Retype the records below from their first line through the line containing "-0.25, 0.25, -0.25])", and include nothing else.

::: Data for this task

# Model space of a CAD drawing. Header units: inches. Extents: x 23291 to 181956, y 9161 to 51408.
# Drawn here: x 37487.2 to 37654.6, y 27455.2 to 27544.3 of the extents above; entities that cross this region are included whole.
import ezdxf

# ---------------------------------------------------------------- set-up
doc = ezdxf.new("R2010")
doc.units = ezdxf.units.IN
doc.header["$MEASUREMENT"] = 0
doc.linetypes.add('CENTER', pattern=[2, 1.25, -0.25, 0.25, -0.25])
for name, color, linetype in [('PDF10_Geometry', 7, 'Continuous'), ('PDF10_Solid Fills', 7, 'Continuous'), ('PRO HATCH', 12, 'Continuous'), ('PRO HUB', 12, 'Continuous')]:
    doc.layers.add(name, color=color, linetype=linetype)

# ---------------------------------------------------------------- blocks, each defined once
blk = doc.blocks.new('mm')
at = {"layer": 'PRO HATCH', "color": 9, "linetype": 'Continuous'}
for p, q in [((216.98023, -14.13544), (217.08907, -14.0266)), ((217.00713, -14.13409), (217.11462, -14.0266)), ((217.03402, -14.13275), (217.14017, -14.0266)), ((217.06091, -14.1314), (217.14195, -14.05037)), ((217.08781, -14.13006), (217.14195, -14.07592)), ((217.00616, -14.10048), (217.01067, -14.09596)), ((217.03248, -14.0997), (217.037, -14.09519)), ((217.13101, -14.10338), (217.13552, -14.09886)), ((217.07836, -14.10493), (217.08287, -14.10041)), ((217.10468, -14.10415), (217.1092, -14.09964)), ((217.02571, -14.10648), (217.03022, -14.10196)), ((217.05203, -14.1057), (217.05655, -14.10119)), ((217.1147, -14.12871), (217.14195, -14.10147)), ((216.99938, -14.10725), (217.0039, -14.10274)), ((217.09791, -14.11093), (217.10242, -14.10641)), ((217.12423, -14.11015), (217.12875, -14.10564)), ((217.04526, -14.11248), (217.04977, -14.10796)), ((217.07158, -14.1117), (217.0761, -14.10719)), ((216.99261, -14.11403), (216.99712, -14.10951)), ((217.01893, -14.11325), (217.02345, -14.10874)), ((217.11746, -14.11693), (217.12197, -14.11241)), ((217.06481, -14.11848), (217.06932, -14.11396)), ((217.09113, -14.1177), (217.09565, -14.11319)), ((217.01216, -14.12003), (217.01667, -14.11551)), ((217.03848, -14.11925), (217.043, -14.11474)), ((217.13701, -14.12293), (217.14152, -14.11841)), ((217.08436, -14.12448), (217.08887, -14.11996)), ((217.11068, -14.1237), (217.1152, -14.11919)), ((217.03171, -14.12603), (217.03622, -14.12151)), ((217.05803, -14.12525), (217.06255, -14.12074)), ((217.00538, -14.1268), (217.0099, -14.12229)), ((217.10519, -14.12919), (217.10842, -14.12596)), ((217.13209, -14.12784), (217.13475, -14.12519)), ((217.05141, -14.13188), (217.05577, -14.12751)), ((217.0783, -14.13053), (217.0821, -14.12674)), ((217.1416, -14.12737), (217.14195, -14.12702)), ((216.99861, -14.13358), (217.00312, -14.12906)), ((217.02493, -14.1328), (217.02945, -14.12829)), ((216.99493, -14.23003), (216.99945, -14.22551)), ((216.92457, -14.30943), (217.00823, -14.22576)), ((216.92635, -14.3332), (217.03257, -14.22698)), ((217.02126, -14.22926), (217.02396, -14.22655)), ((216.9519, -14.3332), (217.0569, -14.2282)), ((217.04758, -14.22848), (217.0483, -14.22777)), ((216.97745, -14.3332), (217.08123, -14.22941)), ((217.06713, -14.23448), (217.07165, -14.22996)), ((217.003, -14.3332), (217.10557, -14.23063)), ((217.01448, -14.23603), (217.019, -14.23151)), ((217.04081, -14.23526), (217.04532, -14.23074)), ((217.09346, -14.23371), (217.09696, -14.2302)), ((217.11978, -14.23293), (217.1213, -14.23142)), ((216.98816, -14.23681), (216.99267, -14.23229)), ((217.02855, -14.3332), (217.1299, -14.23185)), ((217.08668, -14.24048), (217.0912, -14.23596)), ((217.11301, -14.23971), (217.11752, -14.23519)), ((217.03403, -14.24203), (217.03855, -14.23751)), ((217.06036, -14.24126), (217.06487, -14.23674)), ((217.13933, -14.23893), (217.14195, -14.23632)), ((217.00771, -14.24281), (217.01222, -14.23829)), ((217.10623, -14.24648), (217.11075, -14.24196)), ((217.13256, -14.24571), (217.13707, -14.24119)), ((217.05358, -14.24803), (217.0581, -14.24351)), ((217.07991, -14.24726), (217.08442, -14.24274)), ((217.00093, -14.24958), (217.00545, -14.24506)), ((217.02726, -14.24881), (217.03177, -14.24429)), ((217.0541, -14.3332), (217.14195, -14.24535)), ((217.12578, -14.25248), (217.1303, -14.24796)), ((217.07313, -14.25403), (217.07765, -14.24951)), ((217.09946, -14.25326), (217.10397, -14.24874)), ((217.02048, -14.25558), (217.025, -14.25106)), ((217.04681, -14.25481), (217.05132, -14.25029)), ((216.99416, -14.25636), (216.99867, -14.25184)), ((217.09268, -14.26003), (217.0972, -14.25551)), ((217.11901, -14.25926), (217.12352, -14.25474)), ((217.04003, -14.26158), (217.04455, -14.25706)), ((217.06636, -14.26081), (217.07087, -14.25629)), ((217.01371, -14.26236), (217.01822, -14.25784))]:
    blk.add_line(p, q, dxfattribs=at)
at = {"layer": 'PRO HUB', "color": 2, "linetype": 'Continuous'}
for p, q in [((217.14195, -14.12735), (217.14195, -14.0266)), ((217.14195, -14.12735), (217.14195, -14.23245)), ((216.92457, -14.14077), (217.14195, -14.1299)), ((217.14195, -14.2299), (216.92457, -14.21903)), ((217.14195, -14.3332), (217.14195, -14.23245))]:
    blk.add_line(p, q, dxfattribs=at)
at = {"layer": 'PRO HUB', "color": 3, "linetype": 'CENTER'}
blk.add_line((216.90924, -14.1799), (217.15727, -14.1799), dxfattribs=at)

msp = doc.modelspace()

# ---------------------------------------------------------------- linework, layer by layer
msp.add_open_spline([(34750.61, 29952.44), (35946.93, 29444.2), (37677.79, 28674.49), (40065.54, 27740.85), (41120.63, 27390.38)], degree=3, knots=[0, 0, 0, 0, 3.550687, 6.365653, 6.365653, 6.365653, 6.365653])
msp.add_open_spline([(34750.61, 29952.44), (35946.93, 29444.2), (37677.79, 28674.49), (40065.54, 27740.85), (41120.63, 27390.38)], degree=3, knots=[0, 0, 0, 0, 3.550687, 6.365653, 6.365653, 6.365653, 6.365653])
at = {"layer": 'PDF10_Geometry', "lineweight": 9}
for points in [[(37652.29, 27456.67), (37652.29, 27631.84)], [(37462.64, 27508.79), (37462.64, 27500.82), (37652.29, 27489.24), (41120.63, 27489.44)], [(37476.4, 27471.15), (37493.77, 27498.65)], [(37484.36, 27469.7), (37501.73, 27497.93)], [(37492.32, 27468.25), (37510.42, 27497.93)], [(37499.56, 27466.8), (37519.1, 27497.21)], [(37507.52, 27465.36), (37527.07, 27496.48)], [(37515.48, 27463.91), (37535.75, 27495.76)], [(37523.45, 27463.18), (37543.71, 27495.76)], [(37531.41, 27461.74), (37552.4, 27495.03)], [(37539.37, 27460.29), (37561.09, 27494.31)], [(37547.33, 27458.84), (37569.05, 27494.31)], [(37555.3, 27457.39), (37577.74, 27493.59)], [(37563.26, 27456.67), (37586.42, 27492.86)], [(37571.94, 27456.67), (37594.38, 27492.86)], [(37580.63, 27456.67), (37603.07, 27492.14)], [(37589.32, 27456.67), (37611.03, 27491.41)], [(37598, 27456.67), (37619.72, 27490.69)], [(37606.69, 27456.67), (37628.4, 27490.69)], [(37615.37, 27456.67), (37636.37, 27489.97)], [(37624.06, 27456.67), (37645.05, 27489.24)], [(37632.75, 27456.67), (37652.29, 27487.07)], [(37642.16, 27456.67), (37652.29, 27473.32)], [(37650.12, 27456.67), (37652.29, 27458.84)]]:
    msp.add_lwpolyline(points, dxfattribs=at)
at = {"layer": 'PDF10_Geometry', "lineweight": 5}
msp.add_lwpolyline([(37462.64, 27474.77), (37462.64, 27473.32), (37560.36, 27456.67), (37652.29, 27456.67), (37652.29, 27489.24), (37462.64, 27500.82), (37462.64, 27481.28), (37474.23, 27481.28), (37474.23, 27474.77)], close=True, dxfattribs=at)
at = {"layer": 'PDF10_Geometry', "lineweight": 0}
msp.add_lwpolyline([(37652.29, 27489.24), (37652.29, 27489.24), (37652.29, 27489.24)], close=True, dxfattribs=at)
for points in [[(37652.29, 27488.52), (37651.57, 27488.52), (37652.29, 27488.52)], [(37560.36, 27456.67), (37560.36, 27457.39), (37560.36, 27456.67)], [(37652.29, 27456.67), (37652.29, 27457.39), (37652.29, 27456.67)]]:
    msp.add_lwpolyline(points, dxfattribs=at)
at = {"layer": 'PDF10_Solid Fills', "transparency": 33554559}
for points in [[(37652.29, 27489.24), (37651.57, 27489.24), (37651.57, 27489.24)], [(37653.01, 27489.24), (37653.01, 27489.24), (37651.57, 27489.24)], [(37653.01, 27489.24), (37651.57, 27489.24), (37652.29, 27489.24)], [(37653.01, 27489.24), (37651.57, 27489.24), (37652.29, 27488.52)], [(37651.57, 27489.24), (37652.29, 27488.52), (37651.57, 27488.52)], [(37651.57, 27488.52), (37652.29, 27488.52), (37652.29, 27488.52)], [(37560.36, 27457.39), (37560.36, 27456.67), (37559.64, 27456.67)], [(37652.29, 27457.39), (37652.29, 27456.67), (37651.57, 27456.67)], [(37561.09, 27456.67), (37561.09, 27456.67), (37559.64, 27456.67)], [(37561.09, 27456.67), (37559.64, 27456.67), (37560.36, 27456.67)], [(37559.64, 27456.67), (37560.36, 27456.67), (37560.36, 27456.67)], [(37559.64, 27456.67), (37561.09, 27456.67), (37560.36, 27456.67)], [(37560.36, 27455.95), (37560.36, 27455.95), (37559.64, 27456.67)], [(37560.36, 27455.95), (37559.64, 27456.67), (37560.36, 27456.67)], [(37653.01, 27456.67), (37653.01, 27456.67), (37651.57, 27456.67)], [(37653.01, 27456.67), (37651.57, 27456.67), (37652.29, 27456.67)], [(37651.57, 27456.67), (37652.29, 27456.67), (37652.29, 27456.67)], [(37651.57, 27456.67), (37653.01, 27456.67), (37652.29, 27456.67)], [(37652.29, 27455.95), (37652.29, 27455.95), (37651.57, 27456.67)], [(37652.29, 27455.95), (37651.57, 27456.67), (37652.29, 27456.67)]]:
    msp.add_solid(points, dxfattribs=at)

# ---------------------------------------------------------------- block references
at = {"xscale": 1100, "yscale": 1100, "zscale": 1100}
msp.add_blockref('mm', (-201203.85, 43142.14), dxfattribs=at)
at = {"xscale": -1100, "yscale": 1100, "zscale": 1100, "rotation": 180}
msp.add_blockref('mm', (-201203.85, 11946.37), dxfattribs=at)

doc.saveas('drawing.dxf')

::::::

Answer to this exercise:
# Model space of a CAD drawing. Header units: inches. Extents: x 23291 to 181956, y 9161 to 51408.
# Drawn here: x 37487.2 to 37654.6, y 27455.2 to 27544.3 of the extents above; entities that cross this region are included whole.
import ezdxf

# ---------------------------------------------------------------- set-up
doc = ezdxf.new("R2010")
doc.units = ezdxf.units.IN
doc.header["$MEASUREMENT"] = 0
doc.linetypes.add('CENTER', pattern=[2, 1.25, -0.25, 0.25, -0.25])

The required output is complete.